Совсем не мое дело, что там грузят в Ванине в мои трюмы, бульдозеры или живую
силу. Есть другие люди, которым вменяется в обязанность заниматься этой живой
силой, пусть их и называют зековозами, а не меня, капитана данной плав-единицы
двадцати трех тысяч тонн водоизмещением. Совсем не обязательно мне вникать в
какой-то другой, ненавигационный смысл этих рейсов, да они меня, эти смыслы, и
ни хрена не интересуют.
Единственно, что на самом деле интересовало капитана, был
легковой «студебеккер», который всегда сопровождал его в специально выделенном
отсеке трюма. Машину эту он купил недавно в Сиэтле в последний год войны, и
теперь во время стоянок, как в Ванине, так и в Нагаеве, ее лебедкой опускали на
причал, и капитан садился за руль. Ездить ни в том, ни в другом порту капитану
было некуда, но он все-таки ездил, как бы утверждая свое лицо международного
мореплавателя, а не презренного зековоза. Он любил свой «студ» больше родной
жены, которая, похоже, и думать о нем забыла, проживая среди большого
количества флотских во Владике. Впрочем, и с машиной, похоже, назревала
порядочная гадость: не раз уже на парткоме поднимался вопрос о том, что капитан
злоупотребляет служебным положением, выделяется, увлекается иностранщиной. В
нынешнем 1949 году такая штука, как американская легковушка в личном
пользовании, может до нехорошего довести. Короче говоря, опытный мореход,
капитан зековоза «Феликс Дзержинский», пребывал в хронически удрученном
состоянии духа, что стало уже восприниматься окружающими как черта характера.
Это не помешало ему, впрочем, проявлять исключительные профессиональные
качества и, в частности, провести очередную швартовку к нагаевской стенке без
сучка и задоринки.
Швартовы были закреплены, и трапы спущены, один с верхней
палубы – для экипажа, другой из люка чуть повыше ватерлинии – для контингента.

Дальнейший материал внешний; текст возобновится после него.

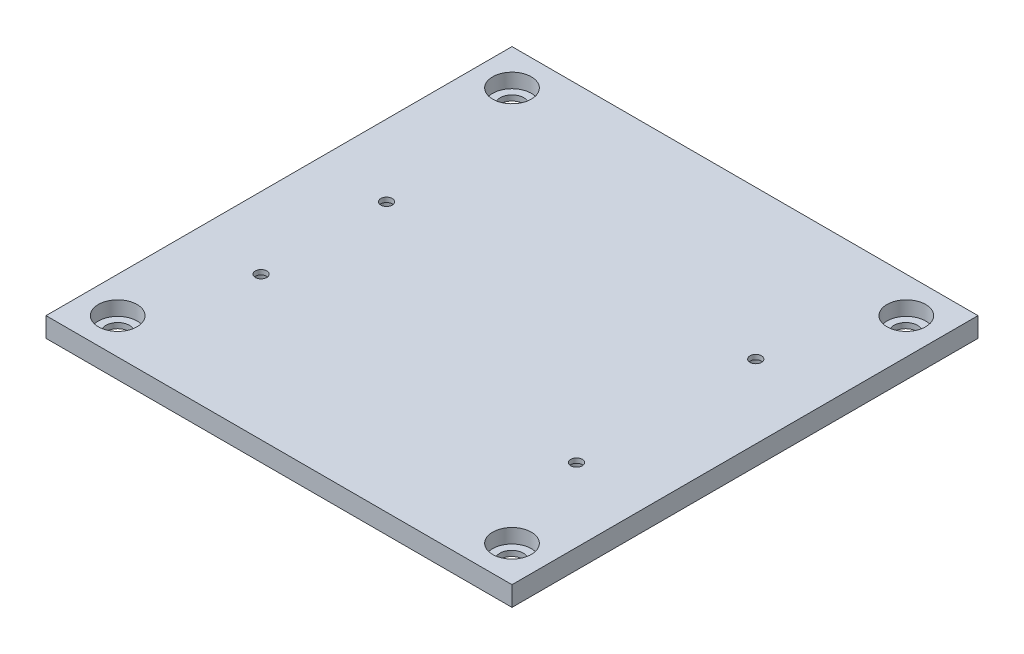
ISO-10303-21;
HEADER;
FILE_DESCRIPTION(('STEP AP214'),'2;1');
FILE_NAME('part.step','',(''),(''),'','','');
FILE_SCHEMA(('AUTOMOTIVE_DESIGN { 1 0 10303 214 1 1 1 1 }'));
ENDSEC;
DATA;
#1=APPLICATION_CONTEXT('core data for automotive mechanical design processes');
#2=APPLICATION_PROTOCOL_DEFINITION('international standard','automotive_design',2000,#1);
#3=PRODUCT_CONTEXT('',#1,'mechanical');
#4=PRODUCT('Part','Part','',(#3));
#5=PRODUCT_RELATED_PRODUCT_CATEGORY('part','',(#4));
#6=PRODUCT_DEFINITION_FORMATION('','',#4);
#7=PRODUCT_DEFINITION_CONTEXT('part definition',#1,'design');
#8=PRODUCT_DEFINITION('design','',#6,#7);
#9=PRODUCT_DEFINITION_SHAPE('','',#8);
#10=(LENGTH_UNIT() NAMED_UNIT(*) SI_UNIT(.MILLI.,.METRE.));
#11=(NAMED_UNIT(*) PLANE_ANGLE_UNIT() SI_UNIT($,.RADIAN.));
#12=(NAMED_UNIT(*) SI_UNIT($,.STERADIAN.) SOLID_ANGLE_UNIT());
#13=UNCERTAINTY_MEASURE_WITH_UNIT(LENGTH_MEASURE(1.E-05),#10,'distance_accuracy_value','');
#14=(GEOMETRIC_REPRESENTATION_CONTEXT(3) GLOBAL_UNCERTAINTY_ASSIGNED_CONTEXT((#13)) GLOBAL_UNIT_ASSIGNED_CONTEXT((#10,
#11,#12)) REPRESENTATION_CONTEXT('',''));
#15=CARTESIAN_POINT('',(0.,0.,0.));
#16=DIRECTION('',(0.,0.,1.));
#17=DIRECTION('',(1.,0.,0.));
#18=AXIS2_PLACEMENT_3D('',#15,#16,#17);
#19=CARTESIAN_POINT('',(0.,5.5,0.));
#20=DIRECTION('',(1.,0.,0.));
#21=DIRECTION('',(0.,0.,-1.));
#22=AXIS2_PLACEMENT_3D('',#19,#20,#21);
#23=PLANE('',#22);
#24=DIRECTION('',(0.,0.,1.));
#25=VECTOR('',#24,1.);
#26=CARTESIAN_POINT('',(0.,0.,0.));
#27=LINE('',#26,#25);
#28=CARTESIAN_POINT('',(0.,0.,-130.));
#29=VERTEX_POINT('',#28);
#30=CARTESIAN_POINT('',(0.,0.,0.));
#31=VERTEX_POINT('',#30);
#32=EDGE_CURVE('E109',#29,#31,#27,.T.);
#33=ORIENTED_EDGE('',*,*,#32,.T.);
#34=DIRECTION('',(0.,-1.,0.));
#35=VECTOR('',#34,1.);
#36=CARTESIAN_POINT('',(0.,5.5,0.));
#37=LINE('',#36,#35);
#38=CARTESIAN_POINT('',(0.,5.5,0.));
#39=VERTEX_POINT('',#38);
#40=EDGE_CURVE('E11',#39,#31,#37,.T.);
#41=ORIENTED_EDGE('',*,*,#40,.F.);
#42=DIRECTION('',(0.,0.,1.));
#43=VECTOR('',#42,1.);
#44=CARTESIAN_POINT('',(0.,5.5,0.));
#45=LINE('',#44,#43);
#46=CARTESIAN_POINT('',(0.,5.5,-130.));
#47=VERTEX_POINT('',#46);
#48=EDGE_CURVE('E93',#47,#39,#45,.T.);
#49=ORIENTED_EDGE('',*,*,#48,.F.);
#50=DIRECTION('',(0.,-1.,0.));
#51=VECTOR('',#50,1.);
#52=CARTESIAN_POINT('',(0.,5.5,-130.));
#53=LINE('',#52,#51);
#54=EDGE_CURVE('E105',#47,#29,#53,.T.);
#55=ORIENTED_EDGE('',*,*,#54,.T.);
#56=EDGE_LOOP('',(#33,#41,#49,#55));
#57=FACE_BOUND('',#56,.T.);
#58=ADVANCED_FACE('F41',(#57),#23,.F.);
#59=CARTESIAN_POINT('',(0.,5.5,0.));
#60=DIRECTION('',(0.,0.,-1.));
#61=DIRECTION('',(-1.,0.,0.));
#62=AXIS2_PLACEMENT_3D('',#59,#60,#61);
#63=PLANE('',#62);
#64=DIRECTION('',(1.,0.,0.));
#65=VECTOR('',#64,1.);
#66=CARTESIAN_POINT('',(0.,0.,0.));
#67=LINE('',#66,#65);
#68=CARTESIAN_POINT('',(130.,0.,0.));
#69=VERTEX_POINT('',#68);
#70=EDGE_CURVE('E98',#31,#69,#67,.T.);
#71=ORIENTED_EDGE('',*,*,#70,.T.);
#72=DIRECTION('',(0.,-1.,0.));
#73=VECTOR('',#72,1.);
#74=CARTESIAN_POINT('',(130.,5.5,0.));
#75=LINE('',#74,#73);
#76=CARTESIAN_POINT('',(130.,5.5,0.));
#77=VERTEX_POINT('',#76);
#78=EDGE_CURVE('E50',#77,#69,#75,.T.);
#79=ORIENTED_EDGE('',*,*,#78,.F.);
#80=DIRECTION('',(1.,0.,0.));
#81=VECTOR('',#80,1.);
#82=CARTESIAN_POINT('',(0.,5.5,0.));
#83=LINE('',#82,#81);
#84=EDGE_CURVE('E88',#39,#77,#83,.T.);
#85=ORIENTED_EDGE('',*,*,#84,.F.);
#86=ORIENTED_EDGE('',*,*,#40,.T.);
#87=EDGE_LOOP('',(#71,#79,#85,#86));
#88=FACE_BOUND('',#87,.T.);
#89=ADVANCED_FACE('F97',(#88),#63,.F.);
#90=CARTESIAN_POINT('',(130.,5.5,0.));
#91=DIRECTION('',(-1.,0.,0.));
#92=DIRECTION('',(0.,0.,1.));
#93=AXIS2_PLACEMENT_3D('',#90,#91,#92);
#94=PLANE('',#93);
#95=DIRECTION('',(0.,0.,-1.));
#96=VECTOR('',#95,1.);
#97=CARTESIAN_POINT('',(130.,0.,0.));
#98=LINE('',#97,#96);
#99=CARTESIAN_POINT('',(130.,0.,-130.));
#100=VERTEX_POINT('',#99);
#101=EDGE_CURVE('E75',#69,#100,#98,.T.);
#102=ORIENTED_EDGE('',*,*,#101,.T.);
#103=DIRECTION('',(0.,-1.,0.));
#104=VECTOR('',#103,1.);
#105=CARTESIAN_POINT('',(130.,5.5,-130.));
#106=LINE('',#105,#104);
#107=CARTESIAN_POINT('',(130.,5.5,-130.));
#108=VERTEX_POINT('',#107);
#109=EDGE_CURVE('E100',#108,#100,#106,.T.);
#110=ORIENTED_EDGE('',*,*,#109,.F.);
#111=DIRECTION('',(0.,0.,-1.));
#112=VECTOR('',#111,1.);
#113=CARTESIAN_POINT('',(130.,5.5,0.));
#114=LINE('',#113,#112);
#115=EDGE_CURVE('E91',#77,#108,#114,.T.);
#116=ORIENTED_EDGE('',*,*,#115,.F.);
#117=ORIENTED_EDGE('',*,*,#78,.T.);
#118=EDGE_LOOP('',(#102,#110,#116,#117));
#119=FACE_BOUND('',#118,.T.);
#120=ADVANCED_FACE('F101',(#119),#94,.F.);
#121=CARTESIAN_POINT('',(0.,5.5,-130.));
#122=DIRECTION('',(0.,0.,1.));
#123=DIRECTION('',(1.,0.,0.));
#124=AXIS2_PLACEMENT_3D('',#121,#122,#123);
#125=PLANE('',#124);
#126=DIRECTION('',(-1.,0.,0.));
#127=VECTOR('',#126,1.);
#128=CARTESIAN_POINT('',(0.,0.,-130.));
#129=LINE('',#128,#127);
#130=EDGE_CURVE('E81',#100,#29,#129,.T.);
#131=ORIENTED_EDGE('',*,*,#130,.T.);
#132=ORIENTED_EDGE('',*,*,#54,.F.);
#133=DIRECTION('',(-1.,0.,0.));
#134=VECTOR('',#133,1.);
#135=CARTESIAN_POINT('',(0.,5.5,-130.));
#136=LINE('',#135,#134);
#137=EDGE_CURVE('E58',#108,#47,#136,.T.);
#138=ORIENTED_EDGE('',*,*,#137,.F.);
#139=ORIENTED_EDGE('',*,*,#109,.T.);
#140=EDGE_LOOP('',(#131,#132,#138,#139));
#141=FACE_BOUND('',#140,.T.);
#142=ADVANCED_FACE('F123',(#141),#125,.F.);
#143=CARTESIAN_POINT('',(0.,5.5,0.));
#144=DIRECTION('',(0.,-1.,0.));
#145=DIRECTION('',(0.,0.,-1.));
#146=AXIS2_PLACEMENT_3D('',#143,#144,#145);
#147=PLANE('',#146);
#148=CARTESIAN_POINT('',(109.5,5.5,-88.5));
#149=DIRECTION('',(0.,-1.,0.));
#150=DIRECTION('',(0.,0.,-1.));
#151=AXIS2_PLACEMENT_3D('',#148,#149,#150);
#152=CIRCLE('',#151,1.60000000000001);
#153=CARTESIAN_POINT('',(109.5,5.5,-90.1));
#154=VERTEX_POINT('',#153);
#155=EDGE_CURVE('E238',#154,#154,#152,.T.);
#156=ORIENTED_EDGE('',*,*,#155,.T.);
#157=EDGE_LOOP('',(#156));
#158=FACE_BOUND('',#157,.T.);
#159=CARTESIAN_POINT('',(109.5,5.5,-38.5));
#160=DIRECTION('',(0.,-1.,0.));
#161=DIRECTION('',(0.,0.,-1.));
#162=AXIS2_PLACEMENT_3D('',#159,#160,#161);
#163=CIRCLE('',#162,1.60000000000001);
#164=CARTESIAN_POINT('',(109.5,5.5,-40.1));
#165=VERTEX_POINT('',#164);
#166=EDGE_CURVE('E246',#165,#165,#163,.T.);
#167=ORIENTED_EDGE('',*,*,#166,.T.);
#168=EDGE_LOOP('',(#167));
#169=FACE_BOUND('',#168,.T.);
#170=CARTESIAN_POINT('',(20.,5.5,-75.));
#171=DIRECTION('',(0.,-1.,0.));
#172=DIRECTION('',(0.,0.,-1.));
#173=AXIS2_PLACEMENT_3D('',#170,#171,#172);
#174=CIRCLE('',#173,1.6);
#175=CARTESIAN_POINT('',(20.,5.5,-76.6));
#176=VERTEX_POINT('',#175);
#177=EDGE_CURVE('E230',#176,#176,#174,.T.);
#178=ORIENTED_EDGE('',*,*,#177,.T.);
#179=EDGE_LOOP('',(#178));
#180=FACE_BOUND('',#179,.T.);
#181=CARTESIAN_POINT('',(20.,5.5,-40.));
#182=DIRECTION('',(0.,-1.,0.));
#183=DIRECTION('',(0.,0.,-1.));
#184=AXIS2_PLACEMENT_3D('',#181,#182,#183);
#185=CIRCLE('',#184,1.6);
#186=CARTESIAN_POINT('',(20.,5.5,-41.6));
#187=VERTEX_POINT('',#186);
#188=EDGE_CURVE('E207',#187,#187,#185,.T.);
#189=ORIENTED_EDGE('',*,*,#188,.T.);
#190=EDGE_LOOP('',(#189));
#191=FACE_BOUND('',#190,.T.);
#192=CARTESIAN_POINT('',(10.,5.5,-120.));
#193=DIRECTION('',(0.,1.,0.));
#194=DIRECTION('',(0.,0.,1.));
#195=AXIS2_PLACEMENT_3D('',#192,#193,#194);
#196=CIRCLE('',#195,5.4);
#197=CARTESIAN_POINT('',(10.,5.5,-114.6));
#198=VERTEX_POINT('',#197);
#199=EDGE_CURVE('E142',#198,#198,#196,.T.);
#200=ORIENTED_EDGE('',*,*,#199,.F.);
#201=EDGE_LOOP('',(#200));
#202=FACE_BOUND('',#201,.T.);
#203=CARTESIAN_POINT('',(120.,5.5,-120.));
#204=DIRECTION('',(0.,1.,0.));
#205=DIRECTION('',(0.,0.,1.));
#206=AXIS2_PLACEMENT_3D('',#203,#204,#205);
#207=CIRCLE('',#206,5.4);
#208=CARTESIAN_POINT('',(120.,5.5,-114.6));
#209=VERTEX_POINT('',#208);
#210=EDGE_CURVE('E151',#209,#209,#207,.T.);
#211=ORIENTED_EDGE('',*,*,#210,.F.);
#212=EDGE_LOOP('',(#211));
#213=FACE_BOUND('',#212,.T.);
#214=CARTESIAN_POINT('',(120.,5.5,-10.));
#215=DIRECTION('',(0.,1.,0.));
#216=DIRECTION('',(0.,0.,1.));
#217=AXIS2_PLACEMENT_3D('',#214,#215,#216);
#218=CIRCLE('',#217,5.39999999999999);
#219=CARTESIAN_POINT('',(120.,5.5,-4.60000000000001));
#220=VERTEX_POINT('',#219);
#221=EDGE_CURVE('E134',#220,#220,#218,.T.);
#222=ORIENTED_EDGE('',*,*,#221,.F.);
#223=EDGE_LOOP('',(#222));
#224=FACE_BOUND('',#223,.T.);
#225=CARTESIAN_POINT('',(10.,5.5,-10.));
#226=DIRECTION('',(0.,1.,0.));
#227=DIRECTION('',(0.,0.,1.));
#228=AXIS2_PLACEMENT_3D('',#225,#226,#227);
#229=CIRCLE('',#228,5.4);
#230=CARTESIAN_POINT('',(10.,5.5,-4.6));
#231=VERTEX_POINT('',#230);
#232=EDGE_CURVE('E130',#231,#231,#229,.T.);
#233=ORIENTED_EDGE('',*,*,#232,.F.);
#234=EDGE_LOOP('',(#233));
#235=FACE_BOUND('',#234,.T.);
#236=ORIENTED_EDGE('',*,*,#48,.T.);
#237=ORIENTED_EDGE('',*,*,#84,.T.);
#238=ORIENTED_EDGE('',*,*,#115,.T.);
#239=ORIENTED_EDGE('',*,*,#137,.T.);
#240=EDGE_LOOP('',(#236,#237,#238,#239));
#241=FACE_BOUND('',#240,.T.);
#242=ADVANCED_FACE('F89',(#158,#169,#180,#191,#202,#213,#224,#235,#241),#147,.F.);
#243=CARTESIAN_POINT('',(0.,0.,0.));
#244=DIRECTION('',(0.,-1.,0.));
#245=DIRECTION('',(0.,0.,-1.));
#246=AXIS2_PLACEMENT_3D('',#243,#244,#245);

Вокруг этого второго уже стояли чины вохры и цепь сопровождения с винтарями и
собаками. За цепью толклась бригада вольнонаемных из обслуживания
санпропускника, и среди них кладовщик Кирилл Борисович Градов, 1903 года
рождения, отбывший свой срок от звонка до звонка и еще полгода «до особого
распоряжения» и теперь поселившийся в Магадане, имея пятилетнее поражение в
гражданских правах. Работенку эту в кладовых санпропускника добыл Кириллу
кто-то из зверосовхозовских «братанов». После всех колымских приключений
работенка казалась ему синекурой. Зарплаты вполне хватало на хлеб и табак,
удалось даже выкроить рубли на черное пальто, перешитое из второго срока
флотской шинели, а самое главное состояло в том, что кладовщику полагалось в
одном из бараков нечто такое, о чем Кирилл уже и мечтать забыл и что он теперь
называл всякий раз с некоторым радостным придыханием: отдельная комната.
Ему исполнилось недавно соpок шесть лет. Глаза не
потускнели, но как бы несколько поменяли цвет в сторону колымской голубой
стыни. Разрослись почему-то брови, в них появились алюминиевые проволочки.
Поперечные морщины прорезали щеки и удлинили лицо. В кургузой своей одежде и в
валенках с галошами он выглядел заурядным колымским «хмырьком» и давно уже не
удивлялся, если на улице к нему обращались с криком: «Эй, отец!»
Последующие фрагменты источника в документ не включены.